What happens to the pooled blood after an internal injury?

Whilst contemplating the rather complex (and slightly alarming) array of colors my right arm and fingers have turned since a recent fracture near the wrist, it occurs to me I’ve never understood the process by which a bruised area returns to normal. For example: just now, the extremeties of my right thumb and fingers show a dark purplish blotching under the skin which I presume is pooled blood. This seems to have been a result of the doctor’s manipulations while resetting the the broken bone. Moving back toward the site of the injury, the skin coloring goes much more toward a weirdly yellow, jaundice-like condition.

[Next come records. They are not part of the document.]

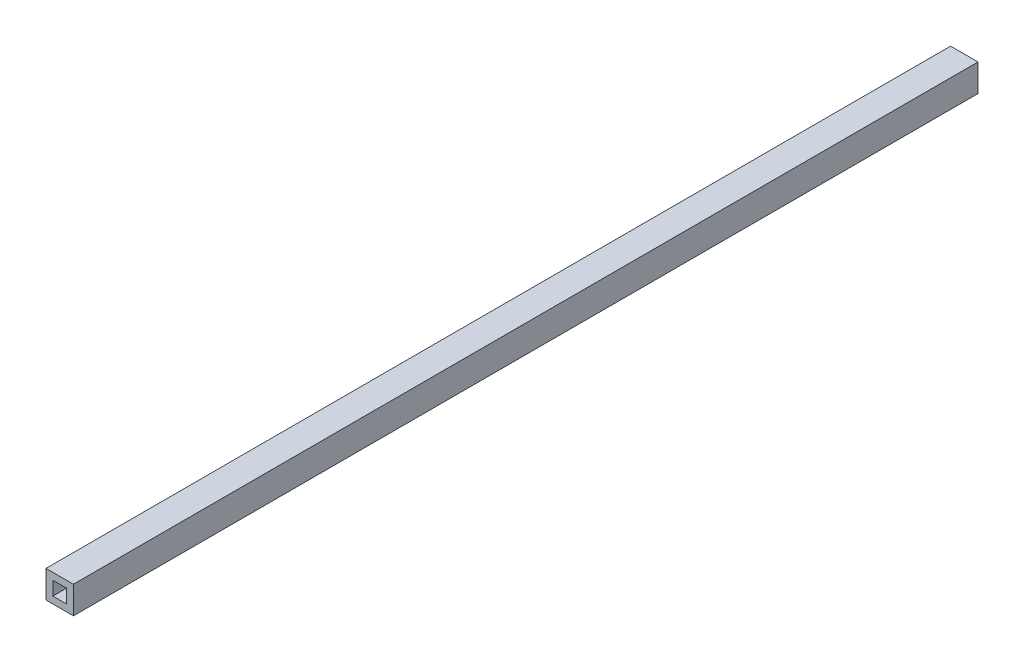
ISO-10303-21;
HEADER;
FILE_DESCRIPTION(('STEP AP214'),'2;1');
FILE_NAME('part.step','',(''),(''),'','','');
FILE_SCHEMA(('AUTOMOTIVE_DESIGN { 1 0 10303 214 1 1 1 1 }'));
ENDSEC;
DATA;
#1=APPLICATION_CONTEXT('core data for automotive mechanical design processes');
#2=APPLICATION_PROTOCOL_DEFINITION('international standard','automotive_design',2000,#1);
#3=PRODUCT_CONTEXT('',#1,'mechanical');
#4=PRODUCT('Part','Part','',(#3));
#5=PRODUCT_RELATED_PRODUCT_CATEGORY('part','',(#4));
#6=PRODUCT_DEFINITION_FORMATION('','',#4);
#7=PRODUCT_DEFINITION_CONTEXT('part definition',#1,'design');
#8=PRODUCT_DEFINITION('design','',#6,#7);
#9=PRODUCT_DEFINITION_SHAPE('','',#8);
#10=(LENGTH_UNIT() NAMED_UNIT(*) SI_UNIT(.MILLI.,.METRE.));
#11=(NAMED_UNIT(*) PLANE_ANGLE_UNIT() SI_UNIT($,.RADIAN.));
#12=(NAMED_UNIT(*) SI_UNIT($,.STERADIAN.) SOLID_ANGLE_UNIT());
#13=UNCERTAINTY_MEASURE_WITH_UNIT(LENGTH_MEASURE(1.E-05),#10,'distance_accuracy_value','');
#14=(GEOMETRIC_REPRESENTATION_CONTEXT(3) GLOBAL_UNCERTAINTY_ASSIGNED_CONTEXT((#13)) GLOBAL_UNIT_ASSIGNED_CONTEXT((#10,
#11,#12)) REPRESENTATION_CONTEXT('',''));
#15=CARTESIAN_POINT('',(0.,0.,0.));
#16=DIRECTION('',(0.,0.,1.));
#17=DIRECTION('',(1.,0.,0.));
#18=AXIS2_PLACEMENT_3D('',#15,#16,#17);
#19=CARTESIAN_POINT('',(0.,0.,660.));
#20=DIRECTION('',(0.,0.,1.));
#21=DIRECTION('',(1.,0.,0.));
#22=AXIS2_PLACEMENT_3D('',#19,#20,#21);
#23=PLANE('',#22);
#24=DIRECTION('',(0.,1.,0.));
#25=VECTOR('',#24,1.);
#26=CARTESIAN_POINT('',(10.,-10.,660.));
#27=LINE('',#26,#25);
#28=CARTESIAN_POINT('',(10.,-10.,660.));
#29=VERTEX_POINT('',#28);
#30=CARTESIAN_POINT('',(10.,10.,660.));
#31=VERTEX_POINT('',#30);
#32=EDGE_CURVE('E158',#29,#31,#27,.T.);
#33=ORIENTED_EDGE('',*,*,#32,.T.);
#34=DIRECTION('',(-1.,0.,0.));
#35=VECTOR('',#34,1.);
#36=CARTESIAN_POINT('',(-10.,10.,660.));
#37=LINE('',#36,#35);
#38=CARTESIAN_POINT('',(-10.,10.,660.));
#39=VERTEX_POINT('',#38);
#40=EDGE_CURVE('E161',#31,#39,#37,.T.);
#41=ORIENTED_EDGE('',*,*,#40,.T.);
#42=DIRECTION('',(0.,-1.,0.));
#43=VECTOR('',#42,1.);
#44=CARTESIAN_POINT('',(-10.,-10.,660.));
#45=LINE('',#44,#43);
#46=CARTESIAN_POINT('',(-10.,-10.,660.));
#47=VERTEX_POINT('',#46);
#48=EDGE_CURVE('E164',#39,#47,#45,.T.);
#49=ORIENTED_EDGE('',*,*,#48,.T.);
#50=DIRECTION('',(1.,0.,0.));
#51=VECTOR('',#50,1.);
#52=CARTESIAN_POINT('',(-10.,-10.,660.));
#53=LINE('',#52,#51);
#54=EDGE_CURVE('E166',#47,#29,#53,.T.);
#55=ORIENTED_EDGE('',*,*,#54,.T.);
#56=EDGE_LOOP('',(#33,#41,#49,#55));
#57=FACE_BOUND('',#56,.T.);
#58=DIRECTION('',(-1.,0.,0.));
#59=VECTOR('',#58,1.);
#60=CARTESIAN_POINT('',(0.,5.,660.));
#61=LINE('',#60,#59);
#62=CARTESIAN_POINT('',(5.,5.,660.));
#63=VERTEX_POINT('',#62);
#64=CARTESIAN_POINT('',(-5.,5.,660.));
#65=VERTEX_POINT('',#64);
#66=EDGE_CURVE('E130',#63,#65,#61,.T.);
#67=ORIENTED_EDGE('',*,*,#66,.F.);
#68=DIRECTION('',(0.,1.,0.));
#69=VECTOR('',#68,1.);
#70=CARTESIAN_POINT('',(5.,0.,660.));
#71=LINE('',#70,#69);
#72=CARTESIAN_POINT('',(5.,-5.,660.));
#73=VERTEX_POINT('',#72);
#74=EDGE_CURVE('E122',#73,#63,#71,.T.);
#75=ORIENTED_EDGE('',*,*,#74,.F.);
#76=DIRECTION('',(1.,0.,0.));
#77=VECTOR('',#76,1.);
#78=CARTESIAN_POINT('',(0.,-5.,660.));
#79=LINE('',#78,#77);
#80=CARTESIAN_POINT('',(-5.,-5.,660.));
#81=VERTEX_POINT('',#80);
#82=EDGE_CURVE('E144',#81,#73,#79,.T.);
#83=ORIENTED_EDGE('',*,*,#82,.F.);
#84=DIRECTION('',(0.,-1.,0.));
#85=VECTOR('',#84,1.);
#86=CARTESIAN_POINT('',(-5.,0.,660.));
#87=LINE('',#86,#85);
#88=EDGE_CURVE('E142',#65,#81,#87,.T.);
#89=ORIENTED_EDGE('',*,*,#88,.F.);
#90=EDGE_LOOP('',(#67,#75,#83,#89));
#91=FACE_BOUND('',#90,.T.);
#92=ADVANCED_FACE('F57',(#57,#91),#23,.T.);
#93=CARTESIAN_POINT('',(0.,0.,0.));
#94=DIRECTION('',(0.,0.,1.));
#95=DIRECTION('',(1.,0.,0.));
#96=AXIS2_PLACEMENT_3D('',#93,#94,#95);
#97=PLANE('',#96);
#98=DIRECTION('',(0.,1.,0.));
#99=VECTOR('',#98,1.);
#100=CARTESIAN_POINT('',(10.,-10.,0.));
#101=LINE('',#100,#99);
#102=CARTESIAN_POINT('',(10.,-10.,0.));
#103=VERTEX_POINT('',#102);
#104=CARTESIAN_POINT('',(10.,10.,0.));
#105=VERTEX_POINT('',#104);
#106=EDGE_CURVE('E138',#103,#105,#101,.T.);
#107=ORIENTED_EDGE('',*,*,#106,.F.);
#108=DIRECTION('',(1.,0.,0.));
#109=VECTOR('',#108,1.);
#110=CARTESIAN_POINT('',(-10.,-10.,0.));
#111=LINE('',#110,#109);
#112=CARTESIAN_POINT('',(-10.,-10.,0.));
#113=VERTEX_POINT('',#112);
#114=EDGE_CURVE('E162',#113,#103,#111,.T.);
#115=ORIENTED_EDGE('',*,*,#114,.F.);
#116=DIRECTION('',(0.,-1.,0.));
#117=VECTOR('',#116,1.);
#118=CARTESIAN_POINT('',(-10.,-10.,0.));
#119=LINE('',#118,#117);
#120=CARTESIAN_POINT('',(-10.,10.,0.));
#121=VERTEX_POINT('',#120);
#122=EDGE_CURVE('E173',#121,#113,#119,.T.);
#123=ORIENTED_EDGE('',*,*,#122,.F.);
#124=DIRECTION('',(-1.,0.,0.));
#125=VECTOR('',#124,1.);
#126=CARTESIAN_POINT('',(-10.,10.,0.));
#127=LINE('',#126,#125);
#128=EDGE_CURVE('E171',#105,#121,#127,.T.);
#129=ORIENTED_EDGE('',*,*,#128,.F.);
#130=EDGE_LOOP('',(#107,#115,#123,#129));
#131=FACE_BOUND('',#130,.T.);
#132=DIRECTION('',(0.,1.,0.));
#133=VECTOR('',#132,1.);
#134=CARTESIAN_POINT('',(5.,0.,0.));
#135=LINE('',#134,#133);
#136=CARTESIAN_POINT('',(5.,-5.,0.));
#137=VERTEX_POINT('',#136);
#138=CARTESIAN_POINT('',(5.,5.,0.));
#139=VERTEX_POINT('',#138);
#140=EDGE_CURVE('E80',#137,#139,#135,.T.);
#141=ORIENTED_EDGE('',*,*,#140,.T.);
#142=DIRECTION('',(-1.,0.,0.));
#143=VECTOR('',#142,1.);
#144=CARTESIAN_POINT('',(0.,5.,0.));
#145=LINE('',#144,#143);
#146=CARTESIAN_POINT('',(-5.,5.,0.));
#147=VERTEX_POINT('',#146);
#148=EDGE_CURVE('E137',#139,#147,#145,.T.);
#149=ORIENTED_EDGE('',*,*,#148,.T.);
#150=DIRECTION('',(0.,-1.,0.));
#151=VECTOR('',#150,1.);
#152=CARTESIAN_POINT('',(-5.,0.,0.));
#153=LINE('',#152,#151);
#154=CARTESIAN_POINT('',(-5.,-5.,0.));
#155=VERTEX_POINT('',#154);
#156=EDGE_CURVE('E150',#147,#155,#153,.T.);
#157=ORIENTED_EDGE('',*,*,#156,.T.);
#158=DIRECTION('',(1.,0.,0.));
#159=VECTOR('',#158,1.);
#160=CARTESIAN_POINT('',(0.,-5.,0.));
#161=LINE('',#160,#159);
#162=EDGE_CURVE('E131',#155,#137,#161,.T.);
#163=ORIENTED_EDGE('',*,*,#162,.T.);
#164=EDGE_LOOP('',(#141,#149,#157,#163));
#165=FACE_BOUND('',#164,.T.);
#166=ADVANCED_FACE('F191',(#131,#165),#97,.F.);
#167=CARTESIAN_POINT('',(10.,-10.,660.));
#168=DIRECTION('',(-1.,0.,0.));
#169=DIRECTION('',(0.,0.,1.));
#170=AXIS2_PLACEMENT_3D('',#167,#168,#169);
#171=PLANE('',#170);
#172=ORIENTED_EDGE('',*,*,#106,.T.);
#173=DIRECTION('',(0.,0.,-1.));
#174=VECTOR('',#173,1.);
#175=CARTESIAN_POINT('',(10.,10.,660.));
#176=LINE('',#175,#174);
#177=EDGE_CURVE('E12',#31,#105,#176,.T.);
#178=ORIENTED_EDGE('',*,*,#177,.F.);
#179=ORIENTED_EDGE('',*,*,#32,.F.);
#180=DIRECTION('',(0.,0.,-1.));
#181=VECTOR('',#180,1.);
#182=CARTESIAN_POINT('',(10.,-10.,660.));
#183=LINE('',#182,#181);
#184=EDGE_CURVE('E168',#29,#103,#183,.T.);
#185=ORIENTED_EDGE('',*,*,#184,.T.);
#186=EDGE_LOOP('',(#172,#178,#179,#185));
#187=FACE_BOUND('',#186,.T.);
#188=ADVANCED_FACE('F59',(#187),#171,.F.);
#189=CARTESIAN_POINT('',(-10.,10.,660.));
#190=DIRECTION('',(0.,-1.,0.));
#191=DIRECTION('',(0.,0.,-1.));
#192=AXIS2_PLACEMENT_3D('',#189,#190,#191);
#193=PLANE('',#192);
#194=ORIENTED_EDGE('',*,*,#128,.T.);
#195=DIRECTION('',(0.,0.,-1.));
#196=VECTOR('',#195,1.);
#197=CARTESIAN_POINT('',(-10.,10.,660.));
#198=LINE('',#197,#196);
#199=EDGE_CURVE('E65',#39,#121,#198,.T.);
#200=ORIENTED_EDGE('',*,*,#199,.F.);
#201=ORIENTED_EDGE('',*,*,#40,.F.);
#202=ORIENTED_EDGE('',*,*,#177,.T.);
#203=EDGE_LOOP('',(#194,#200,#201,#202));
#204=FACE_BOUND('',#203,.T.);
#205=ADVANCED_FACE('F201',(#204),#193,.F.);
#206=CARTESIAN_POINT('',(-10.,-10.,660.));
#207=DIRECTION('',(1.,0.,0.));
#208=DIRECTION('',(0.,0.,-1.));
#209=AXIS2_PLACEMENT_3D('',#206,#207,#208);
#210=PLANE('',#209);
#211=ORIENTED_EDGE('',*,*,#122,.T.);
#212=DIRECTION('',(0.,0.,-1.));
#213=VECTOR('',#212,1.);
#214=CARTESIAN_POINT('',(-10.,-10.,660.));
#215=LINE('',#214,#213);
#216=EDGE_CURVE('E178',#47,#113,#215,.T.);
#217=ORIENTED_EDGE('',*,*,#216,.F.);
#218=ORIENTED_EDGE('',*,*,#48,.F.);
#219=ORIENTED_EDGE('',*,*,#199,.T.);
#220=EDGE_LOOP('',(#211,#217,#218,#219));
#221=FACE_BOUND('',#220,.T.);
#222=ADVANCED_FACE('F185',(#221),#210,.F.);
#223=CARTESIAN_POINT('',(-10.,-10.,660.));
#224=DIRECTION('',(0.,1.,0.));
#225=DIRECTION('',(0.,0.,1.));
#226=AXIS2_PLACEMENT_3D('',#223,#224,#225);
#227=PLANE('',#226);
#228=ORIENTED_EDGE('',*,*,#114,.T.);
#229=ORIENTED_EDGE('',*,*,#184,.F.);
#230=ORIENTED_EDGE('',*,*,#54,.F.);
#231=ORIENTED_EDGE('',*,*,#216,.T.);
#232=EDGE_LOOP('',(#228,#229,#230,#231));
#233=FACE_BOUND('',#232,.T.);
#234=ADVANCED_FACE('F195',(#233),#227,.F.);
#235=CARTESIAN_POINT('',(5.,0.,660.));
#236=DIRECTION('',(-1.,0.,0.));
#237=DIRECTION('',(0.,0.,1.));
#238=AXIS2_PLACEMENT_3D('',#235,#236,#237);
#239=PLANE('',#238);
#240=ORIENTED_EDGE('',*,*,#140,.F.);
#241=DIRECTION('',(0.,0.,-1.));
#242=VECTOR('',#241,1.);
#243=CARTESIAN_POINT('',(5.,-5.,660.));
#244=LINE('',#243,#242);
#245=EDGE_CURVE('E126',#73,#137,#244,.T.);
#246=ORIENTED_EDGE('',*,*,#245,.F.);
#247=ORIENTED_EDGE('',*,*,#74,.T.);
#248=DIRECTION('',(0.,0.,-1.));
#249=VECTOR('',#248,1.);
#250=CARTESIAN_POINT('',(5.,5.,660.));
#251=LINE('',#250,#249);
#252=EDGE_CURVE('E125',#63,#139,#251,.T.);
#253=ORIENTED_EDGE('',*,*,#252,.T.);
#254=EDGE_LOOP('',(#240,#246,#247,#253));
#255=FACE_BOUND('',#254,.T.);
#256=ADVANCED_FACE('F124',(#255),#239,.T.);
#257=CARTESIAN_POINT('',(0.,5.,660.));
#258=DIRECTION('',(0.,-1.,0.));
#259=DIRECTION('',(0.,0.,-1.));
#260=AXIS2_PLACEMENT_3D('',#257,#258,#259);
#261=PLANE('',#260);
#262=ORIENTED_EDGE('',*,*,#148,.F.);
#263=ORIENTED_EDGE('',*,*,#252,.F.);
#264=ORIENTED_EDGE('',*,*,#66,.T.);
#265=DIRECTION('',(0.,0.,-1.));
#266=VECTOR('',#265,1.);
#267=CARTESIAN_POINT('',(-5.,5.,660.));
#268=LINE('',#267,#266);
#269=EDGE_CURVE('E139',#65,#147,#268,.T.);
#270=ORIENTED_EDGE('',*,*,#269,.T.);
#271=EDGE_LOOP('',(#262,#263,#264,#270));
#272=FACE_BOUND('',#271,.T.);
#273=ADVANCED_FACE('F134',(#272),#261,.T.);
#274=CARTESIAN_POINT('',(-5.,0.,660.));
#275=DIRECTION('',(1.,0.,0.));
#276=DIRECTION('',(0.,0.,-1.));
#277=AXIS2_PLACEMENT_3D('',#274,#275,#276);
#278=PLANE('',#277);
#279=ORIENTED_EDGE('',*,*,#156,.F.);
#280=ORIENTED_EDGE('',*,*,#269,.F.);
#281=ORIENTED_EDGE('',*,*,#88,.T.);
#282=DIRECTION('',(0.,0.,-1.));
#283=VECTOR('',#282,1.);
#284=CARTESIAN_POINT('',(-5.,-5.,660.));
#285=LINE('',#284,#283);
#286=EDGE_CURVE('E72',#81,#155,#285,.T.);
#287=ORIENTED_EDGE('',*,*,#286,.T.);
#288=EDGE_LOOP('',(#279,#280,#281,#287));
#289=FACE_BOUND('',#288,.T.);
#290=ADVANCED_FACE('F224',(#289),#278,.T.);
#291=CARTESIAN_POINT('',(0.,-5.,660.));
#292=DIRECTION('',(0.,1.,0.));
#293=DIRECTION('',(0.,0.,1.));
#294=AXIS2_PLACEMENT_3D('',#291,#292,#293);
#295=PLANE('',#294);
#296=ORIENTED_EDGE('',*,*,#162,.F.);
#297=ORIENTED_EDGE('',*,*,#286,.F.);
#298=ORIENTED_EDGE('',*,*,#82,.T.);
#299=ORIENTED_EDGE('',*,*,#245,.T.);
#300=EDGE_LOOP('',(#296,#297,#298,#299));
#301=FACE_BOUND('',#300,.T.);
#302=ADVANCED_FACE('F228',(#301),#295,.T.);
#303=CLOSED_SHELL('',(#92,#166,#188,#205,#222,#234,#256,#273,#290,#302));
#304=MANIFOLD_SOLID_BREP('B2',#303);
#305=ADVANCED_BREP_SHAPE_REPRESENTATION('',(#18,#304),#14);
#306=SHAPE_DEFINITION_REPRESENTATION(#9,#305);
ENDSEC;
END-ISO-10303-21;

If things go like they have for the couple of other similar injuries I’ve had, over the course of a week or two this coloration will simply fade away. My questions are these: 1) What fluids or states do these colors represent? 2) what eventually happens to the pooled blood under the skin; that is, does it somehow return to the circulating system, is it ‘collected’ or consumed by cells in the area, broken down chemically into something else, or what?

Any assistance in dispelling my ignorance of this process will be greatly appreciated.

WAG:

Blood cells (if I’m remembering bio class correctly) automatically break down over a few days, regardless. So blood outside of the circulatory system probably just hangs out, breaks down, and the ‘fragments’ are reabsorbed into the body, reprocessed, etc.

Re: colors: Could it be that the darker colors are blood, with varying degrees of closeness to the surface and concentration of red blood cells? Eg, the yellow-ish hue is because there are few red blood cells and far more platelets and leukocytes (if that’s the correct term for white blood cells, which I completely doubt it is).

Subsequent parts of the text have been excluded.